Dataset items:
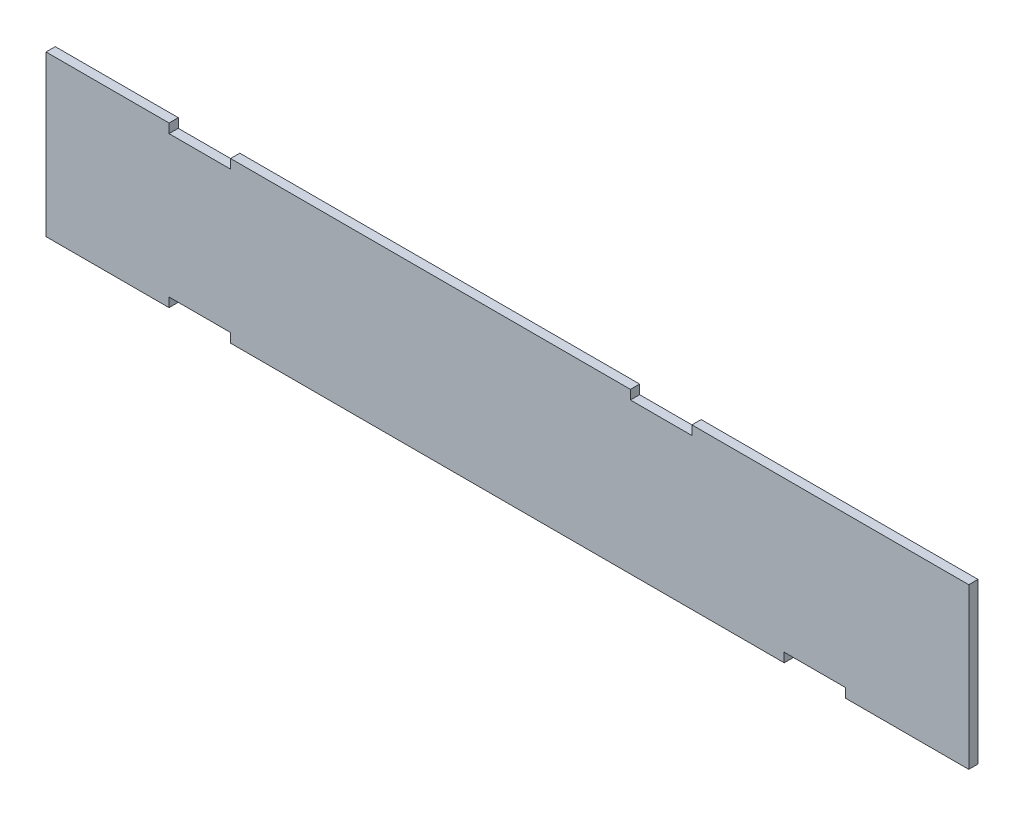
ISO-10303-21;
HEADER;
FILE_DESCRIPTION(('STEP AP214'),'2;1');
FILE_NAME('part.step','',(''),(''),'','','');
FILE_SCHEMA(('AUTOMOTIVE_DESIGN { 1 0 10303 214 1 1 1 1 }'));
ENDSEC;
DATA;
#1=APPLICATION_CONTEXT('core data for automotive mechanical design processes');
#2=APPLICATION_PROTOCOL_DEFINITION('international standard','automotive_design',2000,#1);
#3=PRODUCT_CONTEXT('',#1,'mechanical');
#4=PRODUCT('Part','Part','',(#3));
#5=PRODUCT_RELATED_PRODUCT_CATEGORY('part','',(#4));
#6=PRODUCT_DEFINITION_FORMATION('','',#4);
#7=PRODUCT_DEFINITION_CONTEXT('part definition',#1,'design');
#8=PRODUCT_DEFINITION('design','',#6,#7);
#9=PRODUCT_DEFINITION_SHAPE('','',#8);
#10=(LENGTH_UNIT() NAMED_UNIT(*) SI_UNIT(.MILLI.,.METRE.));
#11=(NAMED_UNIT(*) PLANE_ANGLE_UNIT() SI_UNIT($,.RADIAN.));
#12=(NAMED_UNIT(*) SI_UNIT($,.STERADIAN.) SOLID_ANGLE_UNIT());
#13=UNCERTAINTY_MEASURE_WITH_UNIT(LENGTH_MEASURE(1.E-05),#10,'distance_accuracy_value','');
#14=(GEOMETRIC_REPRESENTATION_CONTEXT(3) GLOBAL_UNCERTAINTY_ASSIGNED_CONTEXT((#13)) GLOBAL_UNIT_ASSIGNED_CONTEXT((#10,
#11,#12)) REPRESENTATION_CONTEXT('',''));
#15=CARTESIAN_POINT('',(0.,0.,0.));
#16=DIRECTION('',(0.,0.,1.));
#17=DIRECTION('',(1.,0.,0.));
#18=AXIS2_PLACEMENT_3D('',#15,#16,#17);
#19=CARTESIAN_POINT('',(150.,26.,3.));
#20=DIRECTION('',(0.,-1.,0.));
#21=DIRECTION('',(1.,0.,0.));
#22=AXIS2_PLACEMENT_3D('',#19,#20,#21);
#23=PLANE('',#22);
#24=DIRECTION('',(-1.,0.,0.));
#25=VECTOR('',#24,1.);
#26=CARTESIAN_POINT('',(150.,26.,0.));
#27=LINE('',#26,#25);
#28=CARTESIAN_POINT('',(150.,26.,0.));
#29=VERTEX_POINT('',#28);
#30=CARTESIAN_POINT('',(60.,26.,0.));
#31=VERTEX_POINT('',#30);
#32=EDGE_CURVE('E228',#29,#31,#27,.T.);
#33=ORIENTED_EDGE('',*,*,#32,.T.);
#34=DIRECTION('',(0.,0.,1.));
#35=VECTOR('',#34,1.);
#36=CARTESIAN_POINT('',(60.,26.,-7.));
#37=LINE('',#36,#35);
#38=CARTESIAN_POINT('',(60.,26.,3.));
#39=VERTEX_POINT('',#38);
#40=EDGE_CURVE('E297',#31,#39,#37,.T.);
#41=ORIENTED_EDGE('',*,*,#40,.T.);
#42=DIRECTION('',(-1.,0.,0.));
#43=VECTOR('',#42,1.);
#44=CARTESIAN_POINT('',(150.,26.,3.));
#45=LINE('',#44,#43);
#46=CARTESIAN_POINT('',(150.,26.,3.));
#47=VERTEX_POINT('',#46);
#48=EDGE_CURVE('E203',#47,#39,#45,.T.);
#49=ORIENTED_EDGE('',*,*,#48,.F.);
#50=DIRECTION('',(0.,0.,-1.));
#51=VECTOR('',#50,1.);
#52=CARTESIAN_POINT('',(150.,26.,3.));
#53=LINE('',#52,#51);
#54=EDGE_CURVE('E237',#47,#29,#53,.T.);
#55=ORIENTED_EDGE('',*,*,#54,.T.);
#56=EDGE_LOOP('',(#33,#41,#49,#55));
#57=FACE_BOUND('',#56,.T.);
#58=ADVANCED_FACE('F39',(#57),#23,.F.);
#59=CARTESIAN_POINT('',(150.,-26.,3.));
#60=DIRECTION('',(0.,1.,0.));
#61=DIRECTION('',(-1.,0.,0.));
#62=AXIS2_PLACEMENT_3D('',#59,#60,#61);
#63=PLANE('',#62);
#64=DIRECTION('',(1.,0.,0.));
#65=VECTOR('',#64,1.);
#66=CARTESIAN_POINT('',(150.,-26.,0.));
#67=LINE('',#66,#65);
#68=CARTESIAN_POINT('',(-150.,-26.,0.));
#69=VERTEX_POINT('',#68);
#70=CARTESIAN_POINT('',(-110.,-26.,0.));
#71=VERTEX_POINT('',#70);
#72=EDGE_CURVE('E219',#69,#71,#67,.T.);
#73=ORIENTED_EDGE('',*,*,#72,.T.);
#74=DIRECTION('',(0.,0.,1.));
#75=VECTOR('',#74,1.);
#76=CARTESIAN_POINT('',(-110.,-26.,-7.));
#77=LINE('',#76,#75);
#78=CARTESIAN_POINT('',(-110.,-26.,3.));
#79=VERTEX_POINT('',#78);
#80=EDGE_CURVE('E319',#71,#79,#77,.T.);
#81=ORIENTED_EDGE('',*,*,#80,.T.);
#82=DIRECTION('',(1.,0.,0.));
#83=VECTOR('',#82,1.);
#84=CARTESIAN_POINT('',(150.,-26.,3.));
#85=LINE('',#84,#83);
#86=CARTESIAN_POINT('',(-150.,-26.,3.));
#87=VERTEX_POINT('',#86);
#88=EDGE_CURVE('E377',#87,#79,#85,.T.);
#89=ORIENTED_EDGE('',*,*,#88,.F.);
#90=DIRECTION('',(0.,0.,-1.));
#91=VECTOR('',#90,1.);
#92=CARTESIAN_POINT('',(-150.,-26.,3.));
#93=LINE('',#92,#91);
#94=EDGE_CURVE('E245',#87,#69,#93,.T.);
#95=ORIENTED_EDGE('',*,*,#94,.T.);
#96=EDGE_LOOP('',(#73,#81,#89,#95));
#97=FACE_BOUND('',#96,.T.);
#98=ADVANCED_FACE('F416',(#97),#63,.F.);
#99=CARTESIAN_POINT('',(-90.,-26.,3.));
#100=VERTEX_POINT('',#99);
#101=CARTESIAN_POINT('',(90.,-26.,3.));
#102=VERTEX_POINT('',#101);
#103=EDGE_CURVE('E380',#100,#102,#85,.T.);
#104=ORIENTED_EDGE('',*,*,#103,.F.);
#105=DIRECTION('',(0.,0.,1.));
#106=VECTOR('',#105,1.);
#107=CARTESIAN_POINT('',(-90.,-26.,-7.));
#108=LINE('',#107,#106);
#109=CARTESIAN_POINT('',(-90.,-26.,0.));
#110=VERTEX_POINT('',#109);
#111=EDGE_CURVE('E318',#110,#100,#108,.T.);
#112=ORIENTED_EDGE('',*,*,#111,.F.);
#113=CARTESIAN_POINT('',(90.,-26.,0.));
#114=VERTEX_POINT('',#113);
#115=EDGE_CURVE('E224',#110,#114,#67,.T.);
#116=ORIENTED_EDGE('',*,*,#115,.T.);
#117=DIRECTION('',(0.,0.,1.));
#118=VECTOR('',#117,1.);
#119=CARTESIAN_POINT('',(90.,-26.,-7.));
#120=LINE('',#119,#118);
#121=EDGE_CURVE('E311',#114,#102,#120,.T.);
#122=ORIENTED_EDGE('',*,*,#121,.T.);
#123=EDGE_LOOP('',(#104,#112,#116,#122));
#124=FACE_BOUND('',#123,.T.);
#125=ADVANCED_FACE('F422',(#124),#63,.F.);
#126=CARTESIAN_POINT('',(40.,26.,3.));
#127=VERTEX_POINT('',#126);
#128=CARTESIAN_POINT('',(-90.,26.,3.));
#129=VERTEX_POINT('',#128);
#130=EDGE_CURVE('E192',#127,#129,#45,.T.);
#131=ORIENTED_EDGE('',*,*,#130,.F.);
#132=DIRECTION('',(0.,0.,1.));
#133=VECTOR('',#132,1.);
#134=CARTESIAN_POINT('',(40.,26.,-7.));
#135=LINE('',#134,#133);
#136=CARTESIAN_POINT('',(40.,26.,0.));
#137=VERTEX_POINT('',#136);
#138=EDGE_CURVE('E175',#137,#127,#135,.T.);
#139=ORIENTED_EDGE('',*,*,#138,.F.);
#140=CARTESIAN_POINT('',(-90.,26.,0.));
#141=VERTEX_POINT('',#140);
#142=EDGE_CURVE('E233',#137,#141,#27,.T.);
#143=ORIENTED_EDGE('',*,*,#142,.T.);
#144=DIRECTION('',(0.,0.,1.));
#145=VECTOR('',#144,1.);
#146=CARTESIAN_POINT('',(-90.,26.,-7.));
#147=LINE('',#146,#145);
#148=EDGE_CURVE('E201',#141,#129,#147,.T.);
#149=ORIENTED_EDGE('',*,*,#148,.T.);
#150=EDGE_LOOP('',(#131,#139,#143,#149));
#151=FACE_BOUND('',#150,.T.);
#152=ADVANCED_FACE('F199',(#151),#23,.F.);
#153=CARTESIAN_POINT('',(-150.,-26.,3.));
#154=DIRECTION('',(1.,0.,0.));
#155=DIRECTION('',(0.,0.,-1.));
#156=AXIS2_PLACEMENT_3D('',#153,#154,#155);
#157=PLANE('',#156);
#158=DIRECTION('',(0.,-1.,0.));
#159=VECTOR('',#158,1.);
#160=CARTESIAN_POINT('',(-150.,-26.,0.));
#161=LINE('',#160,#159);
#162=CARTESIAN_POINT('',(-150.,26.,0.));
#163=VERTEX_POINT('',#162);
#164=EDGE_CURVE('E214',#163,#69,#161,.T.);
#165=ORIENTED_EDGE('',*,*,#164,.T.);
#166=ORIENTED_EDGE('',*,*,#94,.F.);
#167=DIRECTION('',(0.,-1.,0.));
#168=VECTOR('',#167,1.);
#169=CARTESIAN_POINT('',(-150.,-26.,3.));
#170=LINE('',#169,#168);
#171=CARTESIAN_POINT('',(-150.,26.,3.));
#172=VERTEX_POINT('',#171);
#173=EDGE_CURVE('E232',#172,#87,#170,.T.);
#174=ORIENTED_EDGE('',*,*,#173,.F.);
#175=DIRECTION('',(0.,0.,-1.));
#176=VECTOR('',#175,1.);
#177=CARTESIAN_POINT('',(-150.,26.,3.));
#178=LINE('',#177,#176);
#179=EDGE_CURVE('E209',#172,#163,#178,.T.);
#180=ORIENTED_EDGE('',*,*,#179,.T.);
#181=EDGE_LOOP('',(#165,#166,#174,#180));
#182=FACE_BOUND('',#181,.T.);
#183=ADVANCED_FACE('F41',(#182),#157,.F.);
#184=CARTESIAN_POINT('',(110.,-26.,3.));
#185=VERTEX_POINT('',#184);
#186=CARTESIAN_POINT('',(150.,-26.,3.));
#187=VERTEX_POINT('',#186);
#188=EDGE_CURVE('E376',#185,#187,#85,.T.);
#189=ORIENTED_EDGE('',*,*,#188,.F.);
#190=DIRECTION('',(0.,0.,1.));
#191=VECTOR('',#190,1.);
#192=CARTESIAN_POINT('',(110.,-26.,-7.));
#193=LINE('',#192,#191);
#194=CARTESIAN_POINT('',(110.,-26.,0.));
#195=VERTEX_POINT('',#194);
#196=EDGE_CURVE('E341',#195,#185,#193,.T.);
#197=ORIENTED_EDGE('',*,*,#196,.F.);
#198=CARTESIAN_POINT('',(150.,-26.,0.));
#199=VERTEX_POINT('',#198);
#200=EDGE_CURVE('E218',#195,#199,#67,.T.);
#201=ORIENTED_EDGE('',*,*,#200,.T.);
#202=DIRECTION('',(0.,0.,-1.));
#203=VECTOR('',#202,1.);
#204=CARTESIAN_POINT('',(150.,-26.,3.));
#205=LINE('',#204,#203);
#206=EDGE_CURVE('E241',#187,#199,#205,.T.);
#207=ORIENTED_EDGE('',*,*,#206,.F.);
#208=EDGE_LOOP('',(#189,#197,#201,#207));
#209=FACE_BOUND('',#208,.T.);
#210=ADVANCED_FACE('F394',(#209),#63,.F.);
#211=CARTESIAN_POINT('',(150.,-26.,3.));
#212=DIRECTION('',(-1.,0.,0.));
#213=DIRECTION('',(0.,0.,1.));
#214=AXIS2_PLACEMENT_3D('',#211,#212,#213);
#215=PLANE('',#214);
#216=DIRECTION('',(0.,1.,0.));
#217=VECTOR('',#216,1.);
#218=CARTESIAN_POINT('',(150.,-26.,0.));
#219=LINE('',#218,#217);
#220=EDGE_CURVE('E223',#199,#29,#219,.T.);
#221=ORIENTED_EDGE('',*,*,#220,.T.);
#222=ORIENTED_EDGE('',*,*,#54,.F.);
#223=DIRECTION('',(0.,1.,0.));
#224=VECTOR('',#223,1.);
#225=CARTESIAN_POINT('',(150.,-26.,3.));
#226=LINE('',#225,#224);
#227=EDGE_CURVE('E210',#187,#47,#226,.T.);
#228=ORIENTED_EDGE('',*,*,#227,.F.);
#229=ORIENTED_EDGE('',*,*,#206,.T.);
#230=EDGE_LOOP('',(#221,#222,#228,#229));
#231=FACE_BOUND('',#230,.T.);
#232=ADVANCED_FACE('F398',(#231),#215,.F.);
#233=CARTESIAN_POINT('',(-110.,26.,3.));
#234=VERTEX_POINT('',#233);
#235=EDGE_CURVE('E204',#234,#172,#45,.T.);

YOUR INSTRUCTIONS => Repeat exactly the lines above from the one with "#85=LINE('',#84,#83);" up to and including the one with "#100=VERTEX_POINT('',#99);". No other line belongs in the reply.

PROBLEM SOLUTION =>
#85=LINE('',#84,#83);
#86=CARTESIAN_POINT('',(-150.,-26.,3.));
#87=VERTEX_POINT('',#86);
#88=EDGE_CURVE('E377',#87,#79,#85,.T.);
#89=ORIENTED_EDGE('',*,*,#88,.F.);
#90=DIRECTION('',(0.,0.,-1.));
#91=VECTOR('',#90,1.);
#92=CARTESIAN_POINT('',(-150.,-26.,3.));
#93=LINE('',#92,#91);
#94=EDGE_CURVE('E245',#87,#69,#93,.T.);
#95=ORIENTED_EDGE('',*,*,#94,.T.);
#96=EDGE_LOOP('',(#73,#81,#89,#95));
#97=FACE_BOUND('',#96,.T.);
#98=ADVANCED_FACE('F416',(#97),#63,.F.);
#99=CARTESIAN_POINT('',(-90.,-26.,3.));
#100=VERTEX_POINT('',#99);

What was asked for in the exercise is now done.